EXERCISE DETAILS. Among the records that follow, set down only the lines from the one containing "#171=PLANE('',#170);" to the one containing "#183=CARTESIAN_POINT('',(0.,9.5,8.99999999999999));", both included, exactly.

(Records drawn from a dataset)
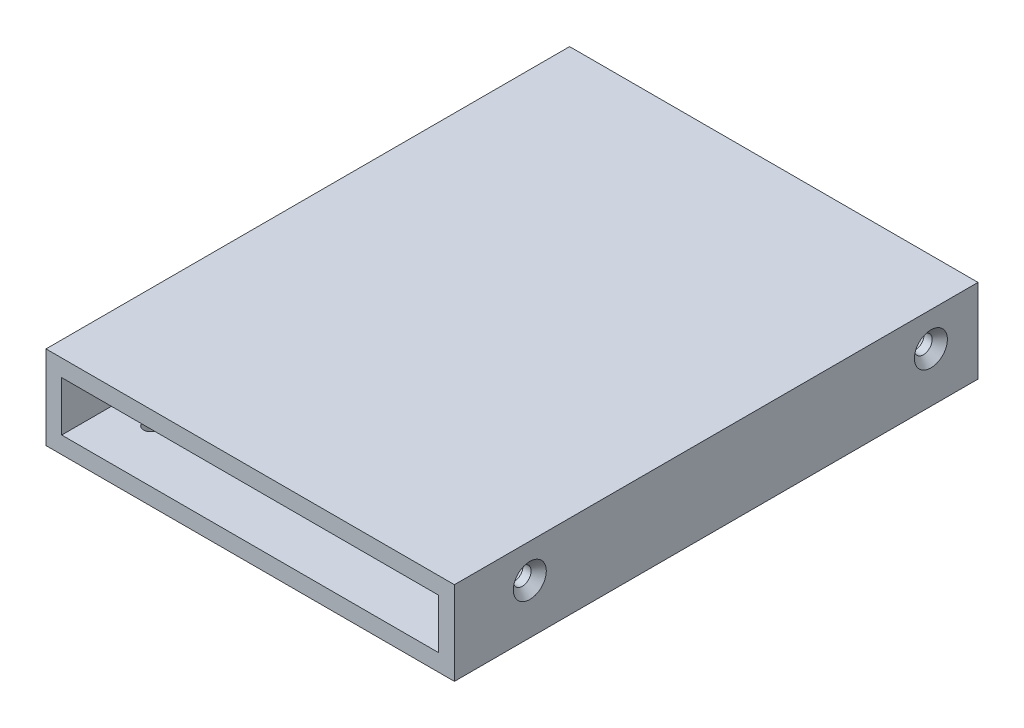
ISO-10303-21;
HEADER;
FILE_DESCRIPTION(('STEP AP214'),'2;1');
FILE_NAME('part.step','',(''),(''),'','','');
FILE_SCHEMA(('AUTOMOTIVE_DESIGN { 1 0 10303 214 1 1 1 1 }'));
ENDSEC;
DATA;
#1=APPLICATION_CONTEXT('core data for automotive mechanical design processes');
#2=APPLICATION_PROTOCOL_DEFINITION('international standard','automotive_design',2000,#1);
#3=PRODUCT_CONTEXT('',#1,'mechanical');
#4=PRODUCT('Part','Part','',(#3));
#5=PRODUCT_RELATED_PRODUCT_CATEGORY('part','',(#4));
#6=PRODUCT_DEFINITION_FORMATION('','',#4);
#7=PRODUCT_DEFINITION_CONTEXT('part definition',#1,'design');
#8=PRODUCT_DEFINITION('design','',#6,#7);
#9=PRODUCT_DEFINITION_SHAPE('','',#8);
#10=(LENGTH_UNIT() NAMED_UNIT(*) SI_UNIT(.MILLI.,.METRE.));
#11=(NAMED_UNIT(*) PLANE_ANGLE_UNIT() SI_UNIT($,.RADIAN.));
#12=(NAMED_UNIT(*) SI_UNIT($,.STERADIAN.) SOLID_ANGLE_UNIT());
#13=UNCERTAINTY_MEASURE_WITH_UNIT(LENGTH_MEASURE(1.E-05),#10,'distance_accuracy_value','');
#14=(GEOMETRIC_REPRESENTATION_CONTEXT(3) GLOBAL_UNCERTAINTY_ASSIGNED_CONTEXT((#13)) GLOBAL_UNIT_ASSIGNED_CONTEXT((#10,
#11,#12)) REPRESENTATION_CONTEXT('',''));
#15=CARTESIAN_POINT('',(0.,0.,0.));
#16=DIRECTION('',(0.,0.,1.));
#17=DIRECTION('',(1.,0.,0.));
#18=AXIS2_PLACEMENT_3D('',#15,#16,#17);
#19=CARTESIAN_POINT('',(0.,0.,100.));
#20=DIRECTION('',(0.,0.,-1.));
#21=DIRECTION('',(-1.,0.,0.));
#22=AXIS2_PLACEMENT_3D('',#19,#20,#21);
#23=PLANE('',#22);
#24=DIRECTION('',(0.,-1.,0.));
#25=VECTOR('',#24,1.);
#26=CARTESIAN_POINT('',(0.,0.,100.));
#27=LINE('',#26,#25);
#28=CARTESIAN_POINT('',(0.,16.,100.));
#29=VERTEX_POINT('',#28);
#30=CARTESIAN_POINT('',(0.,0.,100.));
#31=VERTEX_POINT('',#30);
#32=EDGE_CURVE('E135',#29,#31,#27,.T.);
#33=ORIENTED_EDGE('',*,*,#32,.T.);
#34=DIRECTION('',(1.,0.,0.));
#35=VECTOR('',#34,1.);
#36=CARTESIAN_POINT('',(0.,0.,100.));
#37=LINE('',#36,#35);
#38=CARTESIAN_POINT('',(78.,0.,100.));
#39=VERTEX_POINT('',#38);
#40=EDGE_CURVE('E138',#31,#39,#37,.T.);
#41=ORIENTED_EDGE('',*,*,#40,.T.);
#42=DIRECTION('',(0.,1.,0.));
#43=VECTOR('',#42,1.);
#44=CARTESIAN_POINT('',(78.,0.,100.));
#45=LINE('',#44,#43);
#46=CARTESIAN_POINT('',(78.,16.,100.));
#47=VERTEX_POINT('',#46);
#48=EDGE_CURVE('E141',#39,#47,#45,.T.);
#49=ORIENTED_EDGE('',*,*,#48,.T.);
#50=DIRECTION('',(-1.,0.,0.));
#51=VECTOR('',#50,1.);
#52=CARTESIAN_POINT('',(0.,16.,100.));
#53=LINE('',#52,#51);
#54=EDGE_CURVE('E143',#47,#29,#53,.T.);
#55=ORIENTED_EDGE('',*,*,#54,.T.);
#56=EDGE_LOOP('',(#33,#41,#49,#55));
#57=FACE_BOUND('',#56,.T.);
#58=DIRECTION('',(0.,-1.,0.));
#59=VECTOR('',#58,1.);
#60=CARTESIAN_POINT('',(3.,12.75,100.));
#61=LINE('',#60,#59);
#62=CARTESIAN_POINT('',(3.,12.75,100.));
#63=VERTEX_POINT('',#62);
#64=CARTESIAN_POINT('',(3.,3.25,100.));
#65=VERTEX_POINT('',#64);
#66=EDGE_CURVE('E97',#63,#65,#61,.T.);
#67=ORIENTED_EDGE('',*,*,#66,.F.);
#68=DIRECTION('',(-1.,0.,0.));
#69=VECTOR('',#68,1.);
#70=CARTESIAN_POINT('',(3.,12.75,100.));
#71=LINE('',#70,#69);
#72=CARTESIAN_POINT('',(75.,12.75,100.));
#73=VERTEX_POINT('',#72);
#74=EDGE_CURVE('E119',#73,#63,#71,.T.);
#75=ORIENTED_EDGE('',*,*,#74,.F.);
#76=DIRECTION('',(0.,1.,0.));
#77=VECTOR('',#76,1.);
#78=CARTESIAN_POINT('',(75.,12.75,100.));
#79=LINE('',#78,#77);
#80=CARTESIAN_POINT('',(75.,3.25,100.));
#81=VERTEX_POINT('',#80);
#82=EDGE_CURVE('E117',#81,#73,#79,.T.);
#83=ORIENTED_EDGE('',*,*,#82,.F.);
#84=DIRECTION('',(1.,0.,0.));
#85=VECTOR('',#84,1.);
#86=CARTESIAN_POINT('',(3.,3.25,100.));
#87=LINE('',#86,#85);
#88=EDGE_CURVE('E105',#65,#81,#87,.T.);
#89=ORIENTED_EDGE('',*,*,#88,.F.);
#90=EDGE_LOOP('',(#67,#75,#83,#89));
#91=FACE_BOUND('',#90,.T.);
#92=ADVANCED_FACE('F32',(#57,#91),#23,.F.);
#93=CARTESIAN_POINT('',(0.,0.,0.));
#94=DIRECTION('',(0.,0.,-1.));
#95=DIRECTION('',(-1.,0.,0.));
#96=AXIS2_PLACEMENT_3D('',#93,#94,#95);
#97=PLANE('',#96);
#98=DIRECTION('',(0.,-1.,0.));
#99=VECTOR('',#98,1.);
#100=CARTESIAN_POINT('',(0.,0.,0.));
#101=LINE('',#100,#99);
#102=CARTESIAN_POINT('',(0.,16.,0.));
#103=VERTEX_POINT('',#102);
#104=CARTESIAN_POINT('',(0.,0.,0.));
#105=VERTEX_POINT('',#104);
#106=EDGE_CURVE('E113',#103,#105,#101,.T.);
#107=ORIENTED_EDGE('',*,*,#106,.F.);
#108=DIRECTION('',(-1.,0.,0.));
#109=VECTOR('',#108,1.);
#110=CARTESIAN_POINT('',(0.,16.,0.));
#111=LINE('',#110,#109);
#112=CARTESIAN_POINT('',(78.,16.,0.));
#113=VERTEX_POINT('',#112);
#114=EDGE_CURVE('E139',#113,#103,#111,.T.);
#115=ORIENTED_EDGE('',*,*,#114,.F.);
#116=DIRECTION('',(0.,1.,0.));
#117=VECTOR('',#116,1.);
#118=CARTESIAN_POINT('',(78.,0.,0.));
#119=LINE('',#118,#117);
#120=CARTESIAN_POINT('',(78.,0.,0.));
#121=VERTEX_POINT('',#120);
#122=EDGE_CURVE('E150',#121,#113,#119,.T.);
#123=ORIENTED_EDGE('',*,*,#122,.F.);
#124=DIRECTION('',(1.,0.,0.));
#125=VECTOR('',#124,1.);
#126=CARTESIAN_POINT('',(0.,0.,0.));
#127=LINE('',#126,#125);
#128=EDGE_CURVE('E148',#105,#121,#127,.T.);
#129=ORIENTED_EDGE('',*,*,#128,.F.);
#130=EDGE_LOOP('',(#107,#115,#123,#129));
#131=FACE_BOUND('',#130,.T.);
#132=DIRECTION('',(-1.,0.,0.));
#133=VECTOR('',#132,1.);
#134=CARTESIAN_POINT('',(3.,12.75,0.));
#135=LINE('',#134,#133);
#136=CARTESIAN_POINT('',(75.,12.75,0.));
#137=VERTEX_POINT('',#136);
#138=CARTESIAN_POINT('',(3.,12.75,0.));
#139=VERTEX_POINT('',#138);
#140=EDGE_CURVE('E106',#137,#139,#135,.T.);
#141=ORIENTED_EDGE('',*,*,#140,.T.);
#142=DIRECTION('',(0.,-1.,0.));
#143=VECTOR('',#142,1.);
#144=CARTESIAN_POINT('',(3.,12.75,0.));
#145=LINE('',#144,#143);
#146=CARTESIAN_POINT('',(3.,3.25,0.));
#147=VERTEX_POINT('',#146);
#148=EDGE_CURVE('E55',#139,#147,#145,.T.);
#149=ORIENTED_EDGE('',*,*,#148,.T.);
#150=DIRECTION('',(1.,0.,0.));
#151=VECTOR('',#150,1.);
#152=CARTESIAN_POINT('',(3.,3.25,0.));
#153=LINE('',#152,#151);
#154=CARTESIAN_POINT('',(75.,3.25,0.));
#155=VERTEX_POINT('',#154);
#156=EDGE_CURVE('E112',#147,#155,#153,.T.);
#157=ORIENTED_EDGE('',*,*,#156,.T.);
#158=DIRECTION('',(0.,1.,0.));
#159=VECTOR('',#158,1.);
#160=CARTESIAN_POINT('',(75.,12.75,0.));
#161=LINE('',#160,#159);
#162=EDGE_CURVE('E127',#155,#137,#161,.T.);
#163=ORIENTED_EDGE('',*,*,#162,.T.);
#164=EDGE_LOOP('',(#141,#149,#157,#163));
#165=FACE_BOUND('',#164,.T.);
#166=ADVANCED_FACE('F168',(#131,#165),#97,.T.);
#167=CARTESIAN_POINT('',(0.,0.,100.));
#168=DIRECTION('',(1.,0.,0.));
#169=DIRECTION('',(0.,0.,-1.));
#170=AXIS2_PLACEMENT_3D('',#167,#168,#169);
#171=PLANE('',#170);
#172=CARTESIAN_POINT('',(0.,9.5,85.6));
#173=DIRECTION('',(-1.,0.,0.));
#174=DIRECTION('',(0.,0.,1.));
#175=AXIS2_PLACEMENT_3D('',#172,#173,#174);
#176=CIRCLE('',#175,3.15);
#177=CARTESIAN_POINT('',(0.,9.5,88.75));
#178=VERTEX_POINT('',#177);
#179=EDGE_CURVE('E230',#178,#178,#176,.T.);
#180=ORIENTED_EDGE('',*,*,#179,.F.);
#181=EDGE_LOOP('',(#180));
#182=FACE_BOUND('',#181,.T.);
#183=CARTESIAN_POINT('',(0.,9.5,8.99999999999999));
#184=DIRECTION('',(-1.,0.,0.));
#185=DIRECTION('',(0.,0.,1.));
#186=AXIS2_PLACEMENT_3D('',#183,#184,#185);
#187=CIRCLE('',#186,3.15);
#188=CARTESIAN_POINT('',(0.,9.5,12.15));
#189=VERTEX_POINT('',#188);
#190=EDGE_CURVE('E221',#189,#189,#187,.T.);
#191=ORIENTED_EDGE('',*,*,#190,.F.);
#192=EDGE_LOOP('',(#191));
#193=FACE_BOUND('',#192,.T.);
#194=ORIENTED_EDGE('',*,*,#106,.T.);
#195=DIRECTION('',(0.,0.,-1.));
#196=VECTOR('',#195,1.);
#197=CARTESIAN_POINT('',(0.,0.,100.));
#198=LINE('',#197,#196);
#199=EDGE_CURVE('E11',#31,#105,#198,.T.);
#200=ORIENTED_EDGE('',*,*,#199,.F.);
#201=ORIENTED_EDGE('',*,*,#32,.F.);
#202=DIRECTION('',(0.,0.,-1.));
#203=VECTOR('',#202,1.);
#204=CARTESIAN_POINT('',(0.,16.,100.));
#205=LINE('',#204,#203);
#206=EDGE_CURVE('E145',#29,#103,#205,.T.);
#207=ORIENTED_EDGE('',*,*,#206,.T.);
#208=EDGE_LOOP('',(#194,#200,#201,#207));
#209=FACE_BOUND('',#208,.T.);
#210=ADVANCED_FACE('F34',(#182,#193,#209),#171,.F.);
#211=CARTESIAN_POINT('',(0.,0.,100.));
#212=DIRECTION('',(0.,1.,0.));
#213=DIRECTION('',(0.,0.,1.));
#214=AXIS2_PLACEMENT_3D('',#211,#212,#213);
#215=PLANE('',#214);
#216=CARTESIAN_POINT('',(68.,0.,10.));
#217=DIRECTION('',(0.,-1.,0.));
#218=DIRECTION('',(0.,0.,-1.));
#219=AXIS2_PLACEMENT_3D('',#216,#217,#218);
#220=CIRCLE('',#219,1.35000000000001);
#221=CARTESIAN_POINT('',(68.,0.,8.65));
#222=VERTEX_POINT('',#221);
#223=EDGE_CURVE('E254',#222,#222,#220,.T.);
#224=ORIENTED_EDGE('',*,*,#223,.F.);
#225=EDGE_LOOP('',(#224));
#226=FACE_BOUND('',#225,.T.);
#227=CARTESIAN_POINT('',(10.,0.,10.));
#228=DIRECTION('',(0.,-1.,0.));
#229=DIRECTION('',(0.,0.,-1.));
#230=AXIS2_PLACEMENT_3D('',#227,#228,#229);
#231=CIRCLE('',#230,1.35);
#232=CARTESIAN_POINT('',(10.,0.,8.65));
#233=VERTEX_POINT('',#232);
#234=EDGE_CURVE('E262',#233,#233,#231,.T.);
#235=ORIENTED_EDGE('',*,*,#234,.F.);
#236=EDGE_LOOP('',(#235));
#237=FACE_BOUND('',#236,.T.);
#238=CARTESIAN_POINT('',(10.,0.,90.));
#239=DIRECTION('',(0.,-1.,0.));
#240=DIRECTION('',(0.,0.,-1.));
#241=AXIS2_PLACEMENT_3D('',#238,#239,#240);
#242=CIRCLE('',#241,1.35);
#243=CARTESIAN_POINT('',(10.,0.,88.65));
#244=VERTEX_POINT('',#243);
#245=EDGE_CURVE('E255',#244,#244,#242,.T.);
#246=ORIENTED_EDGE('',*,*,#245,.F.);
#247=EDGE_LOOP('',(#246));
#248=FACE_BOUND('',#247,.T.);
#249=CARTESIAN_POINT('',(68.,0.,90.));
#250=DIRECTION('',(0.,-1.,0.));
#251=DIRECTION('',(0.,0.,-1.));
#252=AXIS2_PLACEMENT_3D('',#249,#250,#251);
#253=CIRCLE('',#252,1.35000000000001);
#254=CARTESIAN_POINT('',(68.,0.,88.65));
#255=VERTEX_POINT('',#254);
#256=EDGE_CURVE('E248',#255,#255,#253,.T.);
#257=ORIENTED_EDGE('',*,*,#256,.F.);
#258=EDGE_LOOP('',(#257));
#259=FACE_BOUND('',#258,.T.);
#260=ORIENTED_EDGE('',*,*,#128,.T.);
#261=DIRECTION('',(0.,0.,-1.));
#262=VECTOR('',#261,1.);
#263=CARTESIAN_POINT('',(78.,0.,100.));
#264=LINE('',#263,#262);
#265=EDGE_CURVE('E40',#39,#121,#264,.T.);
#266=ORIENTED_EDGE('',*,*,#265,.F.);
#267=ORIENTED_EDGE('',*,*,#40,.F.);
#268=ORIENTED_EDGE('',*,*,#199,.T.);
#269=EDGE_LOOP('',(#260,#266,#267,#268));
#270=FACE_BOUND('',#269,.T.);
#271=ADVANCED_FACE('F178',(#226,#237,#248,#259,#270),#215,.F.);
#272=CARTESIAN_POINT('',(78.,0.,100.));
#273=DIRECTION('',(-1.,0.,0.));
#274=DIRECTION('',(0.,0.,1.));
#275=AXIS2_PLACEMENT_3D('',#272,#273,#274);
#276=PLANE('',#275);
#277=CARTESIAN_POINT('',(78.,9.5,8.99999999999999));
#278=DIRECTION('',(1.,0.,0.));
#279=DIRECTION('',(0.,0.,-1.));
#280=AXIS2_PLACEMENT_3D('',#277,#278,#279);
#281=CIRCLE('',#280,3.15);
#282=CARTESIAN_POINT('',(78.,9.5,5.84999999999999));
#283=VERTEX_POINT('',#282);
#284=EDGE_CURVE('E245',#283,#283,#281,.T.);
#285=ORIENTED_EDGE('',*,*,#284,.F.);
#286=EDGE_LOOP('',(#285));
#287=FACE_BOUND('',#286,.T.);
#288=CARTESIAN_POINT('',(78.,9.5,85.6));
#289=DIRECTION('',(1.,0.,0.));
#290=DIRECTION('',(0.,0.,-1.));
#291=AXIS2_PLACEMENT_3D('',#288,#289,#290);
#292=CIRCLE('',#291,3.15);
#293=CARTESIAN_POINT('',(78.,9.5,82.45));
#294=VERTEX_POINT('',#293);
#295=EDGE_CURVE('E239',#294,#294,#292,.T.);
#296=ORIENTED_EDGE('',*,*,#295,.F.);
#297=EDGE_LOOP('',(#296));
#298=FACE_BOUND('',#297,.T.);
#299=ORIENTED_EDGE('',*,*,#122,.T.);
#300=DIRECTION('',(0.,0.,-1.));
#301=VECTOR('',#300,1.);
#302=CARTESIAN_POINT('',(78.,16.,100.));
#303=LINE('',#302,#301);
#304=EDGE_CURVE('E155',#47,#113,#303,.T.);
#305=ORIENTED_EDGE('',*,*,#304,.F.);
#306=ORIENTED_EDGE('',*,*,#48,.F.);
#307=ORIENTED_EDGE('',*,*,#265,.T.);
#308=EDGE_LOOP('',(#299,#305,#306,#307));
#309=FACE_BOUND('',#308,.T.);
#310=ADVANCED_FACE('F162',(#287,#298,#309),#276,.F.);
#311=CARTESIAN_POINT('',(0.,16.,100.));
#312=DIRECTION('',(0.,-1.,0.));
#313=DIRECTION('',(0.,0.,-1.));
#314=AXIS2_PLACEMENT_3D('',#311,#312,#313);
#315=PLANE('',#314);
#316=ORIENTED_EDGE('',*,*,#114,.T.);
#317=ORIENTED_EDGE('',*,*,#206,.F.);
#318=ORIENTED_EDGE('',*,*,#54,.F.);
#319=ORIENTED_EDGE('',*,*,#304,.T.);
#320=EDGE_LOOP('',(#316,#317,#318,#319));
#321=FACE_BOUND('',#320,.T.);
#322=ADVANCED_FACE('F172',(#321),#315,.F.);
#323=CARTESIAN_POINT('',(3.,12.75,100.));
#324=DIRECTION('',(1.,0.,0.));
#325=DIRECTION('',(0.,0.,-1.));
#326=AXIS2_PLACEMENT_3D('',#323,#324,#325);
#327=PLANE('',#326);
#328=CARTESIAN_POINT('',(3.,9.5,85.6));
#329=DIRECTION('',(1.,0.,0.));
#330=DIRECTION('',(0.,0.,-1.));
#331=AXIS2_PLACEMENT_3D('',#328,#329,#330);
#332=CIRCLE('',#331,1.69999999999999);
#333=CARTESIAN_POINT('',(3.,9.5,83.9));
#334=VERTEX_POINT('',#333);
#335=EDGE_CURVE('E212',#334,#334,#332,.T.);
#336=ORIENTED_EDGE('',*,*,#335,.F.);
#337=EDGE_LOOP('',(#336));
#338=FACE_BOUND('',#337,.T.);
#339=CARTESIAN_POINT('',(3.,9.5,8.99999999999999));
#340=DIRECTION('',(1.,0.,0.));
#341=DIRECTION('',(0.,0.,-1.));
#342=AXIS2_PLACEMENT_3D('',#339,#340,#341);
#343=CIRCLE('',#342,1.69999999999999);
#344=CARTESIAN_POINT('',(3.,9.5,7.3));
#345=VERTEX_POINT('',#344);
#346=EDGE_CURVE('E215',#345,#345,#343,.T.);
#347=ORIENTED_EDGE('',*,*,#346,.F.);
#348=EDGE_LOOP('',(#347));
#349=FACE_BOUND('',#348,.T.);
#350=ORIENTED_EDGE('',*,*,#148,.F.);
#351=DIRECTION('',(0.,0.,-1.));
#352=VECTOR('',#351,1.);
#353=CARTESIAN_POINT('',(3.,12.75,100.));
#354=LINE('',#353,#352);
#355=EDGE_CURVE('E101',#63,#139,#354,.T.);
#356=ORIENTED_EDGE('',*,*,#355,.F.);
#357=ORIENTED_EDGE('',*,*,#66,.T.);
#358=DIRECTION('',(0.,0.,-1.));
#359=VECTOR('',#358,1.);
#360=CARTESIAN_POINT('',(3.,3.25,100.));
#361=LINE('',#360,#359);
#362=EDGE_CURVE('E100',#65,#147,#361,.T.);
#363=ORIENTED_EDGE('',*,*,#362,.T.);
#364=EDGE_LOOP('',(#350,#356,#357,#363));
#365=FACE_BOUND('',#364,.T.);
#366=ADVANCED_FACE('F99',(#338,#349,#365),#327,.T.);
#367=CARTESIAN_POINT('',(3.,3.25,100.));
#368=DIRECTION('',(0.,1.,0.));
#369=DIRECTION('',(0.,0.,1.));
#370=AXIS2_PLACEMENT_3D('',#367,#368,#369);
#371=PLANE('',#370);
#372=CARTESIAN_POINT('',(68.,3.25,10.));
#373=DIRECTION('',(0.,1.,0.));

YOUR SOLUTION.
#171=PLANE('',#170);
#172=CARTESIAN_POINT('',(0.,9.5,85.6));
#173=DIRECTION('',(-1.,0.,0.));
#174=DIRECTION('',(0.,0.,1.));
#175=AXIS2_PLACEMENT_3D('',#172,#173,#174);
#176=CIRCLE('',#175,3.15);
#177=CARTESIAN_POINT('',(0.,9.5,88.75));
#178=VERTEX_POINT('',#177);
#179=EDGE_CURVE('E230',#178,#178,#176,.T.);
#180=ORIENTED_EDGE('',*,*,#179,.F.);
#181=EDGE_LOOP('',(#180));
#182=FACE_BOUND('',#181,.T.);
#183=CARTESIAN_POINT('',(0.,9.5,8.99999999999999));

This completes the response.